Cerebrum-1.0-7b is a 7 billion parameter large language model developed by AetherResearch, built upon the Mistral 7b architecture. Its core innovation lies in its fine-tuning process, which includes a small custom dataset of native chain of thought data and a novel technique called targeted RLHF (tRLHF). This approach enables the model to devise tactical plans before solving complex problems, making it highly effective for reasoning-intensive tasks.

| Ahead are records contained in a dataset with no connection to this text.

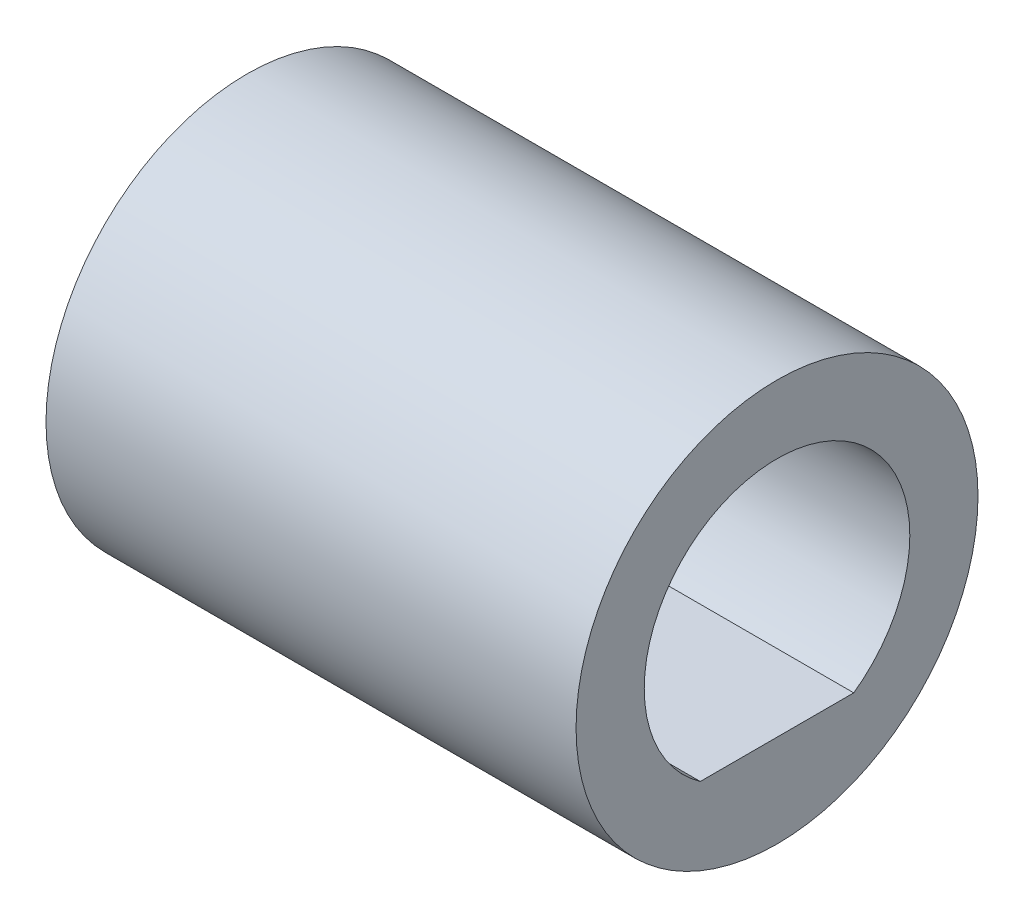
SolidWorks part; units mm, degrees
ref_plane "Front Plane" through (0, 0, 0) normal (0, 0, 1) x (1, 0, 0)
ref_plane "Top Plane" through (0, 0, 0) normal (0, 1, 0) x (1, 0, 0)
ref_plane "Right Plane" through (0, 0, 0) normal (1, 0, 0) x (0, 0, -1)
sketch "Sketch1" plane through (0, 0, 0) normal (1, 0, 0) x (0, 0, -1)
  line L0 (-1.5274, -2.157) -> (1.5274, -2.157) construction
  line L1 (-1.5274, -2.157) -> (1.5274, -2.157)
  arc A0 (1.5274, -2.157) -> (-1.5274, -2.157) centre (0, 0) ccw construction
  arc A1 (1.5274, -2.157) -> (-1.5274, -2.157) centre (0, 0) ccw
  circle A2 centre (0, 0) radius 4
  dimension "D1" = 8
extrude "Boss-Extrude1" add sketch "Sketch1" along normal offset from surface (10.55 mm away) 0.25
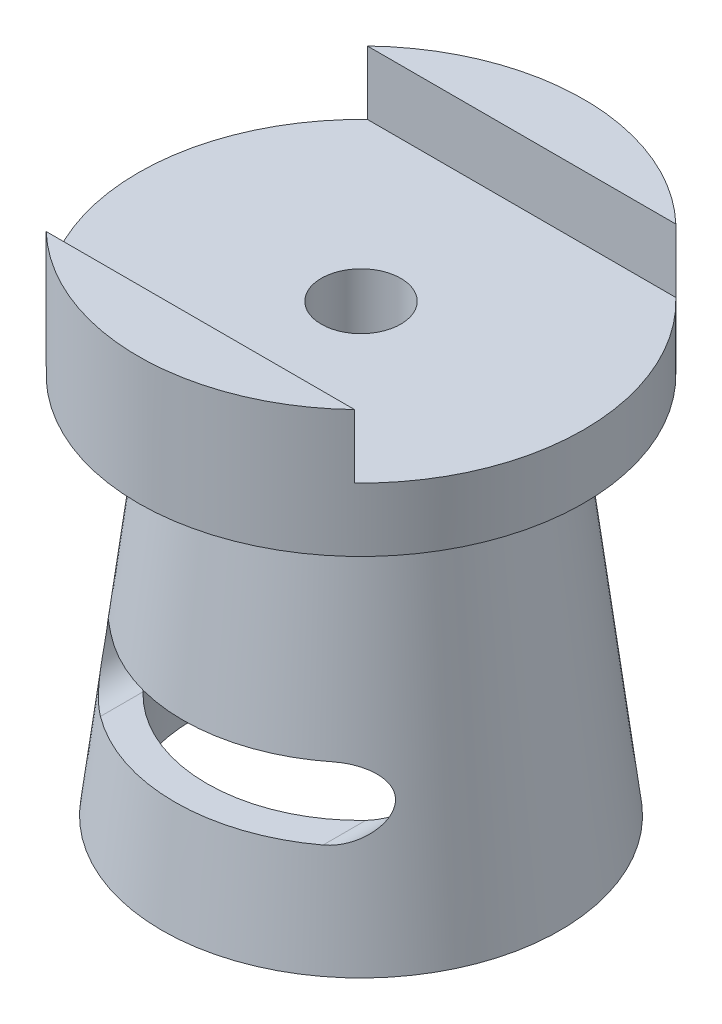
SolidWorks part; units mm, degrees
ref_plane "Front Plane" through (0, 0, 0) normal (0, 0, 1) x (1, 0, 0)
ref_plane "Top Plane" through (0, 0, 0) normal (0, 1, 0) x (1, 0, 0)
ref_plane "Right Plane" through (0, 0, 0) normal (1, 0, 0) x (0, 0, -1)
sketch "Sketch1" plane through (0, 0, 0) normal (0, 0, 1) x (1, 0, 0)
  line L0 (0, 10) -> (3.9, 10)
  line L1 (3.9, 10) -> (5.1278, 0)
  line L4 (0, 11) -> (4.7847, 11)
  line L5 (4.7847, 11) -> (6.2581, -1)
  line L6 (6.2581, -1) -> (5.2506, -1)
  line L8 (-1, -1) -> (-1, 11) construction
  line L9 (0, 0) -> (0, 10) construction
  line L10 (-1, 11) -> (4.7847, 11) construction
  line L11 (0, 0) -> (0, 10) construction
  line L12 (0, 10) -> (0, 11)
  line L13 (5.1278, 0) -> (5.2506, -1)
  line L15 (5.1278, 0) -> (0, 0) construction
  line L16 (6.2581, -1) -> (-1, -1) construction
  dimension "D1" = 3.9
  dimension "D3" = 97
  dimension "D4" = 1
revolve "Revolve1" add sketch "Sketch1" angle 360 about L12
sketch "Sketch3" plane through (0, 11, 0) normal (0, 1, 0) x (1, 0, 0)
  circle A1 centre (0, 0) radius 7
  dimension "D1" = 14
extrude "Boss-Extrude1" add sketch "Sketch3" along normal blind 4
sketch "Sketch5" plane through (0, 15, 0) normal (0, 1, 0) x (1, 0, 0)
  line L0 (-7.8165, 0) -> (7.7023, 0) construction
  line L1 (-4.8474, 5.05) -> (4.8474, 5.05)
  line L2 (-4.8474, -5.05) -> (4.8474, -5.05)
  circle A0 centre (0, 0) radius 7 construction
  arc A1 (-4.8474, 5.05) -> (-4.8474, -5.05) centre (0, 0) ccw
  arc A2 (4.8474, -5.05) -> (4.8474, 5.05) centre (0, 0) ccw
  dimension "D1" = 10.1
extrude "Cut-Extrude1" cut sketch "Sketch5" against normal blind 2
sketch "Sketch7" plane through (0, 13, 0) normal (0, 1, 0) x (1, 0, 0)
  circle A0 centre (0, 0) radius 1.25
  dimension "D1" = 2.5
extrude "Cut-Extrude2" cut sketch "Sketch7" against normal blind 3
sketch "Sketch8" plane through (0, 0, 0) normal (0, 0, 1) x (1, 0, 0)
  line L0 (-3.5, 3.3422) -> (3.5, 3.3422) construction
  line L1 (-3.5, 4.3922) -> (3.5, 4.3922)
  line L2 (-3.5, 2.2922) -> (3.5, 2.2922)
  line L3 (0, -5.2755) -> (0, 16.6823) construction
  arc A0 (-3.5, 4.3922) -> (-3.5, 2.2922) centre (-3.5, 3.3422) ccw
  arc A1 (3.5, 2.2922) -> (3.5, 4.3922) centre (3.5, 3.3422) ccw
  point P2 (0, 3.3422)
  dimension "D1" = 7
  dimension "D2" = 2.1
extrude "Cut-Extrude3" cut sketch "Sketch8" along normal blind 10
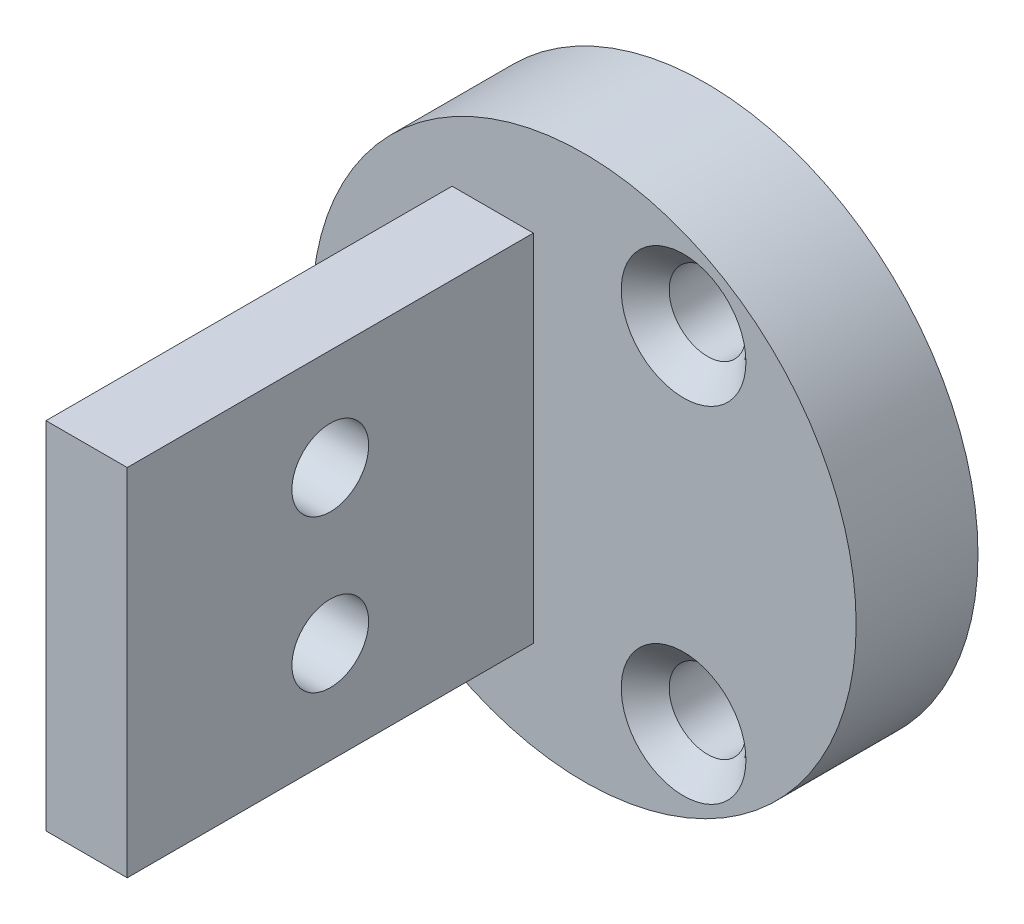
SolidWorks part; units mm, degrees
ref_plane "Front Plane" through (0, 0, 0) normal (0, 0, 1) x (1, 0, 0)
ref_plane "Top Plane" through (0, 0, 0) normal (0, 1, 0) x (1, 0, 0)
ref_plane "Right Plane" through (0, 0, 0) normal (1, 0, 0) x (0, 0, -1)
sketch "Sketch2" plane through (0, 0, 0) normal (0, 0, 1) x (1, 0, 0)
  circle A0 centre (0, 0) radius 8.509
  dimension "D1" = 17.018
extrude "Boss-Extrude1" add sketch "Sketch2" along normal blind 3.81
ref_plane "Plane1" through (0, 0, 3.81) normal (0, 0, 1) x (1, 0, 0)
sketch "Sketch3" plane through (0, 0, 3.81) normal (0, 0, 1) x (1, 0, 0)
  line L0 (-8.509, 0) -> (8.509, 0) construction
  circle A0 centre (0, 0) radius 6.223 construction
  circle A2 centre (0, 0) radius 8.509 construction
  circle A3 centre (-6.223, 0) radius 1.143
  circle A4 centre (3.1115, 5.3893) radius 1.143
  circle A5 centre (3.1115, -5.3893) radius 1.143
  point P16 (0, 0)
  dimension "D1" = 12.446
  dimension "D2" = 2.286
  dimension "D4" = 5.3893
  dimension "D5" = 3.1115
  dimension "D3" = 3
sketch "Sketch4" plane through (0, 0, 3.81) normal (0, 0, 1) x (1, 0, 0)
  line L1 (-4.1275, 5.5562) -> (-1.5875, 5.5562)
  line L2 (-4.1275, 5.5562) -> (-4.1275, -5.5562)
  line L3 (-4.1275, -5.5562) -> (-1.5875, -5.5562)
  line L4 (-1.5875, 5.5562) -> (-1.5875, -5.5562)
  dimension "D1" = 2.54
  dimension "D2" = 11.1125
  dimension "D3" = 1.5875
  dimension "D4" = 5.5562
extrude "Boss-Extrude2" add sketch "Sketch4" along normal blind 12.7
sketch "Sketch5" plane through (-1.5875, 0, 0) normal (1, 0, 0) x (0, 0, -1)
  line L0 (-16.51, -5.5562) -> (-16.51, 5.5562) construction
  line L1 (-16.51, -5.5562) -> (-3.81, -5.5562) construction
  line L2 (-16.51, 5.5562) -> (-3.81, 5.5562) construction
  circle A0 centre (-10.16, 2.3813) radius 1.143
  circle A1 centre (-10.16, -2.3812) radius 1.143
  dimension "D1" = 2.286
  dimension "D2" = 2.286
  dimension "D3" = 6.35
  dimension "D4" = 6.35
  dimension "D5" = 3.175
  dimension "D6" = 3.175
hole_wizard "M2 Clearance Hole1" positions "Sketch6" profile "Sketch7" hole size "M2" standard "ANSI Metric" end condition through all
sketch "Sketch6" plane through (0, 0, 3.81) normal (0, 0, 1) x (1, 0, 0)
  point P0 (-6.223, 0)
  point P3 (3.1115, 5.3893)
  point P6 (3.1115, -5.3893)
sketch "Sketch7" plane through (-6.223, 0, 3.81) normal (1, 0, 0) x (0, -1, 0)
  line L0 (0, 0) -> (0, 3.81)
  line L1 (0, 3.81) -> (1.2, 3.81)
  line L2 (1.2, 3.81) -> (1.2, 0)
  line L5 (1.2, 0) -> (0, 0)
  line L11 (0, -6.35) -> (0, 107.95) construction
  dimension "Thru Hole Dia." = 2.4
  dimension "Thru Hole Depth" = 3.81
hole_wizard "M2 Clearance Hole2" positions "Sketch8" profile "Sketch9" hole size "M2" standard "ANSI Metric" end condition through all
sketch "Sketch8" plane through (-1.5875, 0, 0) normal (1, 0, 0) x (0, 0, -1)
  point P0 (-10.16, -2.3812)
  point P3 (-10.16, 2.3813)
sketch "Sketch9" plane through (-1.5875, -2.3812, 10.16) normal (0, 1, 0) x (0, 0, -1)
  line L0 (0, 0) -> (0, 6.9215)
  line L1 (0, 6.9215) -> (1.2, 6.9215)
  line L2 (1.2, 6.9215) -> (1.2, 0)
  line L5 (1.2, 0) -> (0, 0)
  line L11 (0, -6.35) -> (0, 107.95) construction
  dimension "Thru Hole Dia." = 2.4
  dimension "Thru Hole Depth" = 6.9215
chamfer "Chamfer1" distance 0.75 angle 45 1 edges at (4.3115, -5.3893, 3.81)
chamfer "Chamfer2" distance 0.75 angle 45 1 edges at (4.3115, 5.3893, 3.81)
chamfer "Chamfer3" distance 0.75 angle 45 1 edges at (-5.023, 0, 3.81)

Key Capabilities & Differentiators

  • Superior Reasoning Performance: Cerebrum-1.0-7b significantly outperforms few-shot prompted Mistral 7b and even larger models like Llama 2 70b on benchmarks such as ARC Challenge, GSM8k, and Math, despite its smaller size.
  • Native Chain of Thought: The model is trained to generate a thought process, breaking down complex problems into manageable steps, which enhances accuracy and relevance.
  • Efficient Training: Achieves high performance with a remarkably small training footprint, utilizing under 5000 training prompts and even fewer labeled datapoints for tRLHF.
  • Low Temperature Stability: Operates effectively at very low temperatures (including temperature 0), which is beneficial for tasks requiring precise answers and helps avoid repetitions without needing a repetition penalty.

Optimal Usage

For best results, Cerebrum-1.0-7b should be prompted using an Alpaca-style template that explicitly requests a "thought process" description. This encourages the model to leverage its native chain of thought capabilities. While it excels at reasoning, it will typically omit verbose considerations for brainstorming, knowledge-intensive, and creative tasks.